--- Data to examine Enclosed Below ---
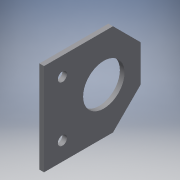
# Autodesk Inventor part: 15102898-16-P-0302
Saved by Autodesk Inventor 2017 (Build 210142000, 142)
## iProperties
Created: 2016-10-02
Part Number: 15102898-16-P-0302
Material: Aluminum 6061
Document SubType Name: Modeling
Designer: gus
Density: 2.7 g/cm^3
Appearance: Aluminum - Flat
Author: gus
Autodesk Inventor part; units mm, degrees
ref_plane "YZ Plane" through (0, 0, 0) normal (1, 0, 0) x (0, 1, 0)
ref_plane "XZ Plane" through (0, 0, 0) normal (0, 1, 0) x (-1, 0, 0)
ref_plane "XY Plane" through (0, 0, 0) normal (0, 0, 1) x (1, 0, 0)
sketch "Sketch1" plane through (0, 0, 0) normal (1, 0, 0) x (0, 1, 0)
  line L0 (0, 0) -> (63.5, 0)
  line L1 (63.5, 0) -> (63.5, -47.625)
  line L2 (63.5, -47.625) -> (44.45, -66.675)
  line L3 (44.45, -66.675) -> (19.05, -66.675)
  line L4 (19.05, -66.675) -> (0, -47.625)
  line L5 (0, -47.625) -> (0, 0)
  circle A0 centre (31.75, -41.275) radius 14.2875
  line L6 (63.5, -25.4) -> (0, -25.4) construction
  circle A1 centre (50.8, -12.7) radius 3.175
  circle A2 centre (12.7, -12.7) radius 3.175
  dimension "d0" = 47.625
  dimension "d1" = 28.575
  dimension "d2" = 63.5
  dimension "d3" = 19.05
  dimension "d4" = 25.4
  dimension "d5" = 31.75
  dimension "d6" = 25.4
  dimension "d7" = 6.35
  dimension "d8" = 6.35
  dimension "d9" = 12.7
  dimension "d10" = 12.7
  dimension "d11" = 12.7
  dimension "d12" = 12.7
  constraints: 14 end point, 3 centre point, 3 perpendicular, 2 equal length, 2 parallel, 2 point on line, 1 horizontal
  measures "d0" distance of L0.end L1.end
  measures "d1" diameter of A0
  measures "d2" distance of L0.start L0.end
  measures "d3" distance from line of L4.end L3
  measures "d4" distance from line of L3 A0.centre
  measures "d5" distance from line of L1 A0.centre
  measures "d6" distance between parallel lines of L0 L6
  measures "d7" diameter of A1
  measures "d8" diameter of A2
  measures "d9" distance from line of L6 A2.centre
  measures "d10" distance from line of L6 A1.centre
  measures "d11" distance from line of L5 A2.centre
  measures "d12" distance from line of L1 A1.centre
extrude "Extrusion1" add sketch "Sketch1" along normal blind 6.35
body "Solid1"
Autodesk Fusion 360 part; units mm, degrees
note: some values were not read from the file. Set by a fixed rule: which sketch regions a step uses.
(part 2 of 2)
extrude "Extrude7" add sketch "Sketch3" against normal blind 4 contours A0 | A2 | A4 | A6 bodies 11 in component "bottom"
sketch "Sketch4" plane through (0, 0, 17.5) normal (0, 0, -1) x (1, 0, 0) in component "bottom"
  line L0 (73, -115.5) -> (73, -139.5)
  line L1 (73, -139.5) -> (27, -139.5)
  line L2 (27, -139.5) -> (27, -115.5)
  line L3 (27, -115.5) -> (73, -115.5)
  line L4 (25, -141.5) -> (75, -141.5)
  line L5 (75, -141.5) -> (75, -113.5)
  line L6 (75, -113.5) -> (25, -113.5)
  line L7 (25, -113.5) -> (25, -141.5)
  circle A0 centre (30.95, -119.25) radius 2.5
  circle A1 centre (30.95, -119.25) radius 1.4
  circle A2 centre (69.05, -119.25) radius 2.5
  circle A3 centre (69.05, -119.25) radius 1.4
  circle A4 centre (69.05, -135.75) radius 2.5
  circle A5 centre (69.05, -135.75) radius 1.4
  circle A6 centre (30.95, -135.75) radius 2.5
  circle A7 centre (30.95, -135.75) radius 1.4
extrude "Extrude8" add sketch "Sketch4" against normal blind 7 contours L0 L1 L2 L3 bodies 12 in component "bottom"
extrude "Extrude9" add sketch "Sketch4" against normal blind 4 contours A0 | A2 | A4 | A6 bodies 12 in component "bottom"
extrude "Extrude10" add sketch "Sketch1 (2)" against normal blind 4 contours A99 A102 L91 A128 A132 L174 | A99 L88 A100 A128 A134 L175 | A127 A128 L174 A137 L175 | A128 A132 A133 A134 L173 L174 L175 L176 | A127 A128 L174 A137 L175 | A101 L90 A102 A132 A133 L173 | A131 A132 L173 A136 L174 | A131 A132 L173 A136 L174 | A129 A134 L175 A138 L176 | A129 A134 L175 A138 L176 | A100 L89 A101 A133 A134 L176 | A127 A137 | A127 A137 | A130 A133 A135 L173 L176 | A130 A133 A135 L173 L176 | A131 A136 | A131 A136 | A129 A138 | A129 A138 | A130 A135 | A130 A135 | L93 L96 L136 L137 | L93 L96 L99 L100 L104 L115 | L93 L115 L136 L137 | L96 L104 L136 L137 | L93 L113 L115 L116 L117 | L93 L100 L113 L114 L115 L117 | L103 L109 L112 L116 L119 L123 L128 L132 L134 L135 L136 L137 L138 L139 L140 L141 | L96 L99 L102 L104 L105 | L96 L102 L103 L104 L106 | L93 L111 L112 L113 L117 | L93 L100 L110 L111 L113 L117 | L96 L99 L102 L107 L172 | L96 L102 L106 L107 L108 L109 | L93 L111 L138 L139 | L93 L94 L100 L101 L111 L120 | L95 L96 L98 L99 L127 L172 | L96 L108 L134 L135 | L93 L94 L138 L139 | L95 L96 L134 L135 | L94 L120 L138 L139 | L95 L127 L134 L135 | L94 L118 L119 L120 L122 | L94 L101 L118 L120 L121 L122 | L95 L127 L128 L129 L133 | L95 L98 L126 L127 L129 L133 | L94 L118 L122 L123 L124 | L94 L101 L118 L122 L124 L125 | L95 L129 L131 L132 L133 | L95 L98 L129 L130 L131 L133 | L94 L95 L124 L140 | L94 L95 L98 L101 L124 L131 | L95 L131 L140 L141 | L154 L155 L156 L157 | L159 L160 L162 L163 bodies 2 3 4 5 6 7 8 9 10 11 12 in component "bottom"
sketch "Sketch5" plane through (175, 0, 0) normal (1, 0, 0) x (0, 1, 0) in component "bottom"
  line L0 (6, 56.5) -> (6, -2.5)
  line L1 (6, -2.5) -> (139, -2.5)
  line L2 (139, -2.5) -> (139, 56.5)
  line L3 (126, -17.5) -> (96, -17.5) construction
  line L4 (96, -17.5) -> (111, -17.5) construction
  line L5 (111, -17.5) -> (111, 50.5) construction
  line L6 (139, 56.5) -> (6, 56.5)
  line L7 (141.5, 52.5) -> (113.5, 52.5)
  line L8 (113.5, 52.5) -> (141.5, 52.5)
  line L9 (0, 52.5) -> (6.7574, 52.5)
  line L10 (6.4384, 52.5) -> (138.5616, 52.5)
  line L11 (138.2426, 52.5) -> (145, 52.5)
  line L12 (138.2426, 52.5) -> (145, 52.5)
  line L13 (138.5616, 52.5) -> (6.4384, 52.5)
  line L14 (0, 52.5) -> (6.7574, 52.5)
  line L15 (30.523, 52.5) -> (6.123, 52.5)
  line L16 (6.123, 52.5) -> (13.123, 52.5)
  line L17 (13.123, 52.5) -> (30.523, 52.5)
  line L18 (30.523, 52.5) -> (13.123, 52.5)
  line L19 (13.123, 52.5) -> (6.123, 52.5)
  line L20 (6.123, 52.5) -> (30.523, 52.5)
  line L21 (70.523, 52.5) -> (63.523, 52.5)
  line L22 (63.523, 52.5) -> (46.123, 52.5)
  line L23 (46.123, 52.5) -> (70.523, 52.5)
  line L24 (46.123, 52.5) -> (63.523, 52.5)
  line L25 (63.523, 52.5) -> (70.523, 52.5)
  line L26 (70.523, 52.5) -> (46.123, 52.5)
  line L27 (80.5, 52.5) -> (108.5, 52.5)
  line L28 (108.5, 52.5) -> (80.5, 52.5)
  line L29 (111, 50.5) -> (111, 52.5)
  line L30 (111, 52.5) -> (111, 25.5)
  circle A0 centre (126, 25.5) radius 3.2
  line L31 (105, 22) -> (97, 22)
  line L32 (95, 24) -> (95, 27)
  line L33 (97, 29) -> (105, 29)
  line L34 (107, 27) -> (107, 24)
  line L35 (107, 22) -> (95, 29) construction
  line L36 (101, 25.5) -> (91, 25.5) construction
  line L37 (101, 25.5) -> (111, 25.5) construction
  circle A1 centre (91, 25.5) radius 1.65
  circle A2 centre (111, 25.5) radius 1.65
  arc A3 (105, 22) -> (107, 24) centre (105, 24) ccw
  arc A4 (107, 27) -> (105, 29) centre (105, 27) ccw
  arc A5 (95, 24) -> (97, 22) centre (97, 24) ccw
  arc A6 (97, 29) -> (95, 27) centre (97, 27) ccw
  line L38 (111, 25.5) -> (126, 25.5) construction
  point P0 (126, -17.5)
  point P1 (96, -17.5)
  point P2 (95, 22)
  point P3 (107, 29)
  dimension "d207" = 27
  dimension "d220" = 6.4
  dimension "d221" = 12
  dimension "d222" = 7
  dimension "d223" = 10
  dimension "d224" = 10
  dimension "d225" = 3.3
  dimension "d226" = 3.3
  dimension "d227" = 2
  dimension "d228" = 15
  constraint coincident P0 L3.start
  constraint coincident P1 L3.end
  constraint midpoint L3 L4.end
  constraint coincident L10 L29.end
  constraint perpendicular L10 L29
  constraint collinear L5 L29
  constraint horizontal L31
  constraint vertical L32
  constraint horizontal L33
  constraint vertical L34
  constraint midpoint L35 L36.start
  constraint perpendicular L32 L36
  constraint perpendicular L34 L37
  constraint coincident L36.end A1.centre
  constraint coincident L30.end L37.end
  constraint coincident L35.start L31
  constraint coincident L35.start L34
  constraint tangent L31 A3
  constraint tangent L34 A3
  constraint coincident P3 L33
  constraint coincident P3 L34
  constraint tangent L33 A4
  constraint tangent L34 A4
  constraint equal A3 A4
  constraint coincident P2 L31
  constraint coincident P2 L32
  constraint tangent L31 A5
  constraint tangent L32 A5
  constraint equal A3 A5
  constraint coincident L35.end L33
  constraint coincident L35.end L32
  constraint tangent L33 A6
  constraint tangent L32 A6
  constraint equal A3 A6
  constraint parallel L37 L38
  constraint coincident A0.centre L38.end
  constraint perpendicular L27 L30
  measures "d207" distance of L29.end L30.end
  measures "d220" diameter of A0
  measures "d221" distance of L35.start P2
  measures "d222" distance of L35.start P3
  measures "d223" distance of L36.start L36.end
  measures "d224" distance of L36.start L30.end
  measures "d225" diameter of A1
  measures "d226" diameter of A2
  measures "d227" radius of A3
  measures "d228" distance of L30.end A0.centre
extrude "Extrude12" add sketch "Sketch4" sketch "Sketch3" along normal blind 4 contours L0 L1 L2 L3 | L4 L5 L6 L7 | A0 | A2 | A4 | A6 of sketch 2 contours L0 L1 L2 L3 | L4 L5 L6 L7 | A0 | A2 | A4 | A6 bodies 2 in component "bottom"
extrude "Extrude13" cut 4 faces at (67.0569, 86.9948, 21.5) (67.0569, 103.4948, 21.5) (29.1251, 85.1561, 21.5) (29.1251, 101.6561, 21.5) along direction (0, 0, -1) blind 4 on bodies 2 bodies 2 in component "bottom"
extrude "Extrude14" cut 1 faces at (44.4008, 96.8884, 24.5) along direction (0, 0, -1) blind 4 on bodies 2 bodies 2 in component "bottom"
extrude "Extrude15" cut 1 faces at (44.4008, 125.1116, 24.5) along direction (0, 0, -1) blind 4 on bodies 2 bodies 2 in component "bottom"
extrude "Extrude16" cut 4 faces at (33.0688, 119.4438, 21.5) (33.0163, 135.2426, 21.5) (67.0569, 119.9948, 21.5) (66.9837, 136.2574, 21.5) along direction (0, 0, -1) blind 4 on bodies 2 bodies 2 in component "bottom"
extrude "Extrude17" cut 1 faces at (141, 75.8333, 56.5) along direction (0, 0, -1) blind 1.5 on bodies 2 bodies 2 in component "bottom"
extrude "Extrude18" cut 1 faces at (58.8128, 145, 34.1667) along direction (0, 1, 0) blind 2.5 on bodies 2 bodies 2 in component "bottom"
extrude "Extrude19" cut 1 faces at (170, 94.5205, 15.8333) along direction (1, 0, 0) blind 2.5 on bodies 2 bodies 2 in component "bottom"
extrude "Extrude20" cut 1 faces at (0, 50.4795, 34.1667) along direction (-1, 0, 0) blind 2.5 on bodies 2 bodies 2 in component "bottom"
extrude "Extrude21" cut 1 faces at (111.1872, 0, 34.1667) along direction (0, -1, 0) blind 2.5 on bodies 2 bodies 2 in component "bottom"
extrude "Extrude22" cut 2 faces at (36.4, 13.123, 35.8333) (63.6, 13.123, 35.8333) along direction (0, -1, 0) blind 2 on bodies 2 bodies 2 in component "bottom"
extrude "Extrude23" cut 2 faces at (63.6, 63.523, 35.8333) (36.4, 63.523, 35.8333) along direction (0, 1, 0) blind 2 on bodies 2 bodies 2 in component "bottom"
extrude "Extrude24" cut 2 faces at (24.8, 52.5896, 35.8333) (24.8, 17.5896, 19.1667) along direction (-1, 0, 0) blind 2 on bodies 2 bodies 2 in component "bottom"
extrude "Extrude25" cut 2 faces at (75.2, 17.5896, 19.1667) (75.2, 52.5896, 35.8333) along direction (1, 0, 0) blind 2 on bodies 2 bodies 2 in component "bottom"
fillet "Fillet3" radius 8 8 edges at (67.5, 65.523, 52.5) (32.5, 65.523, 52.5) (22.8, 55.823, 52.5) (22.8, 20.823, 52.5) (32.5, 11.123, 52.5) (77.2, 20.823, 52.5) (67.5, 11.123, 52.5) (77.2, 55.823, 52.5) on bodies 2 in component "bottom"
fillet "Fillet4" radius 2 8 edges at (50, 113.5, 13.5) (75, 127.5, 13.5) (50, 141.5, 13.5) (25, 127.5, 13.5) (25, 94.5, 13.5) (50, 80.5, 13.5) (50, 108.5, 13.5) (75, 94.5, 13.5) on bodies 2 in component "bottom"
fillet "Fillet5" radius 6 8 edges at (85, 150, 55) (171.7782, 146.7782, 55) (175, 72.5, 55) (171.7782, -1.7782, 55) (85, -5, 55) (-1.7782, -1.7782, 55) (-5, 72.5, 55) (-1.7782, 146.7782, 55) on bodies 2 in component "bottom"
fillet "Fillet6" radius 2 8 edges at (50, 82.5, 55) (27, 94.5, 55) (50, 106.5, 55) (73, 94.5, 55) (50, 115.5, 55) (27, 127.5, 55) (50, 139.5, 55) (73, 127.5, 55) on bodies 2 in component "bottom"
extrude "Extrude6'" add 9 faces at (98.1986, 29.7171, -15.5) (125.1986, 29.7171, -15.5) (98.2222, 58.415, -15.5) (125.2222, 58.415, -15.5) (151.6624, 57.1856, -15.5) (153.6175, 30.3228, -15.5) (125.1986, 2.7171, -15.5) (153.6175, 3.6077, -15.5) (98.1986, 2.7171, -15.5) along direction (0, 0, -1) blind 2 on bodies 1 bodies 1 in component "Lid"
sketch "Sketch2 (2)" plane through (0, 0, -15) normal (0, 0, 1) x (-1, 0, 0) in component "Lid"
  arc A0 (-63, -19.323) -> (-61, -21.323) centre (-61, -19.323) ccw
  line L0 (-63, -19.323) -> (-63, -12.323)
  arc A1 (-61, -10.323) -> (-63, -12.323) centre (-61, -12.323) ccw
  line L1 (-61, -10.323) -> (-54, -10.323)
  arc A2 (-52, -12.323) -> (-54, -10.323) centre (-54, -12.323) ccw
  line L2 (-52, -12.323) -> (-52, -19.323)
  arc A3 (-54, -21.323) -> (-52, -19.323) centre (-54, -19.323) ccw
  line L3 (-54, -21.323) -> (-61, -21.323)
  arc A4 (-78, -19.323) -> (-76, -21.323) centre (-76, -19.323) ccw
  line L4 (-78, -19.323) -> (-78, -12.323)
  arc A5 (-76, -10.323) -> (-78, -12.323) centre (-76, -12.323) ccw
  line L5 (-76, -10.323) -> (-69, -10.323)
  arc A6 (-67, -12.323) -> (-69, -10.323) centre (-69, -12.323) ccw
  line L6 (-67, -12.323) -> (-67, -19.323)
  arc A7 (-69, -21.323) -> (-67, -19.323) centre (-69, -19.323) ccw
  line L7 (-69, -21.323) -> (-76, -21.323)
  arc A8 (-48, -19.323) -> (-46, -21.323) centre (-46, -19.323) ccw
  line L8 (-48, -19.323) -> (-48, -12.323)
  arc A9 (-46, -10.323) -> (-48, -12.323) centre (-46, -12.323) ccw
  line L9 (-46, -10.323) -> (-39, -10.323)
  arc A10 (-37, -12.323) -> (-39, -10.323) centre (-39, -12.323) ccw
  line L10 (-37, -12.323) -> (-37, -19.323)
  arc A11 (-39, -21.323) -> (-37, -19.323) centre (-39, -19.323) ccw
  line L11 (-39, -21.323) -> (-46, -21.323)
  circle A12 centre (-1.7574, -143.2426) radius 1.65
  arc A13 (-78, -64.323) -> (-76, -66.323) centre (-76, -64.323) ccw
  line L12 (-78, -64.323) -> (-78, -57.323)
  arc A14 (-76, -55.323) -> (-78, -57.323) centre (-76, -57.323) ccw
  line L13 (-76, -55.323) -> (-69, -55.323)
  arc A15 (-67, -57.323) -> (-69, -55.323) centre (-69, -57.323) ccw
  line L14 (-67, -57.323) -> (-67, -64.323)
  arc A16 (-69, -66.323) -> (-67, -64.323) centre (-69, -64.323) ccw
  line L15 (-69, -66.323) -> (-76, -66.323)
  arc A17 (-33, -49.323) -> (-31, -51.323) centre (-31, -49.323) ccw
  line L16 (-33, -49.323) -> (-33, -42.323)
  arc A18 (-31, -40.323) -> (-33, -42.323) centre (-31, -42.323) ccw
  line L17 (-31, -40.323) -> (-24, -40.323)
  arc A19 (-22, -42.323) -> (-24, -40.323) centre (-24, -42.323) ccw
  line L18 (-22, -42.323) -> (-22, -49.323)
  arc A20 (-24, -51.323) -> (-22, -49.323) centre (-24, -49.323) ccw
  line L19 (-24, -51.323) -> (-31, -51.323)
  circle A21 centre (-113.5, -77.8144) radius 1.45
  circle A22 centre (-168.2426, -1.7574) radius 1.65
  arc A23 (-48, -49.323) -> (-46, -51.323) centre (-46, -49.323) ccw
  line L20 (-48, -49.323) -> (-48, -42.323)
  arc A24 (-46, -40.323) -> (-48, -42.323) centre (-46, -42.323) ccw
  line L21 (-46, -40.323) -> (-39, -40.323)
  arc A25 (-37, -42.323) -> (-39, -40.323) centre (-39, -42.323) ccw
  line L22 (-37, -42.323) -> (-37, -49.323)
  arc A26 (-39, -51.323) -> (-37, -49.323) centre (-39, -49.323) ccw
  line L23 (-39, -51.323) -> (-46, -51.323)
  circle A27 centre (-125.5, -65.3144) radius 3.75
  line L24 (-138.5, -101.6644) -> (-138.5, -86.6644)
  line L25 (-138.5, -86.6644) -> (-112.5, -86.6644)
  line L26 (-112.5, -86.6644) -> (-112.5, -101.6644)
  line L27 (-112.5, -101.6644) -> (-138.5, -101.6644)
  circle A28 centre (-1.7574, -1.7574) radius 1.65
  arc A29 (-48, -64.323) -> (-46, -66.323) centre (-46, -64.323) ccw
  line L28 (-48, -64.323) -> (-48, -57.323)
  arc A30 (-46, -55.323) -> (-48, -57.323) centre (-46, -57.323) ccw
  line L29 (-46, -55.323) -> (-39, -55.323)
  arc A31 (-37, -57.323) -> (-39, -55.323) centre (-39, -57.323) ccw
  line L30 (-37, -57.323) -> (-37, -64.323)
  arc A32 (-39, -66.323) -> (-37, -64.323) centre (-39, -64.323) ccw
  line L31 (-39, -66.323) -> (-46, -66.323)
  arc A33 (-63, -64.323) -> (-61, -66.323) centre (-61, -64.323) ccw
  line L32 (-63, -64.323) -> (-63, -57.323)
  arc A34 (-61, -55.323) -> (-63, -57.323) centre (-61, -57.323) ccw
  line L33 (-61, -55.323) -> (-54, -55.323)
  arc A35 (-52, -57.323) -> (-54, -55.323) centre (-54, -57.323) ccw
  line L34 (-52, -57.323) -> (-52, -64.323)
  arc A36 (-54, -66.323) -> (-52, -64.323) centre (-54, -64.323) ccw
  line L35 (-54, -66.323) -> (-61, -66.323)
  circle A37 centre (-137.5, -77.8144) radius 1.45
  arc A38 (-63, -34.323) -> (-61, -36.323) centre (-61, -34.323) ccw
--- End of Enclosed Data to examine ---
### Task item
The required answer is the run of lines above, starting at the line with "of L1 A1.centre" and ending at the line with "circle A0 centre (30.95, -119.25)", reproduced exactly with both ends.

### Output below
  measures "d12" distance from line of L1 A1.centre
extrude "Extrusion1" add sketch "Sketch1" along normal blind 6.35
body "Solid1"
Autodesk Fusion 360 part; units mm, degrees
note: some values were not read from the file. Set by a fixed rule: which sketch regions a step uses.
(part 2 of 2)
extrude "Extrude7" add sketch "Sketch3" against normal blind 4 contours A0 | A2 | A4 | A6 bodies 11 in component "bottom"
sketch "Sketch4" plane through (0, 0, 17.5) normal (0, 0, -1) x (1, 0, 0) in component "bottom"
  line L0 (73, -115.5) -> (73, -139.5)
  line L1 (73, -139.5) -> (27, -139.5)
  line L2 (27, -139.5) -> (27, -115.5)
  line L3 (27, -115.5) -> (73, -115.5)
  line L4 (25, -141.5) -> (75, -141.5)
  line L5 (75, -141.5) -> (75, -113.5)
  line L6 (75, -113.5) -> (25, -113.5)
  line L7 (25, -113.5) -> (25, -141.5)
  circle A0 centre (30.95, -119.25) radius 2.5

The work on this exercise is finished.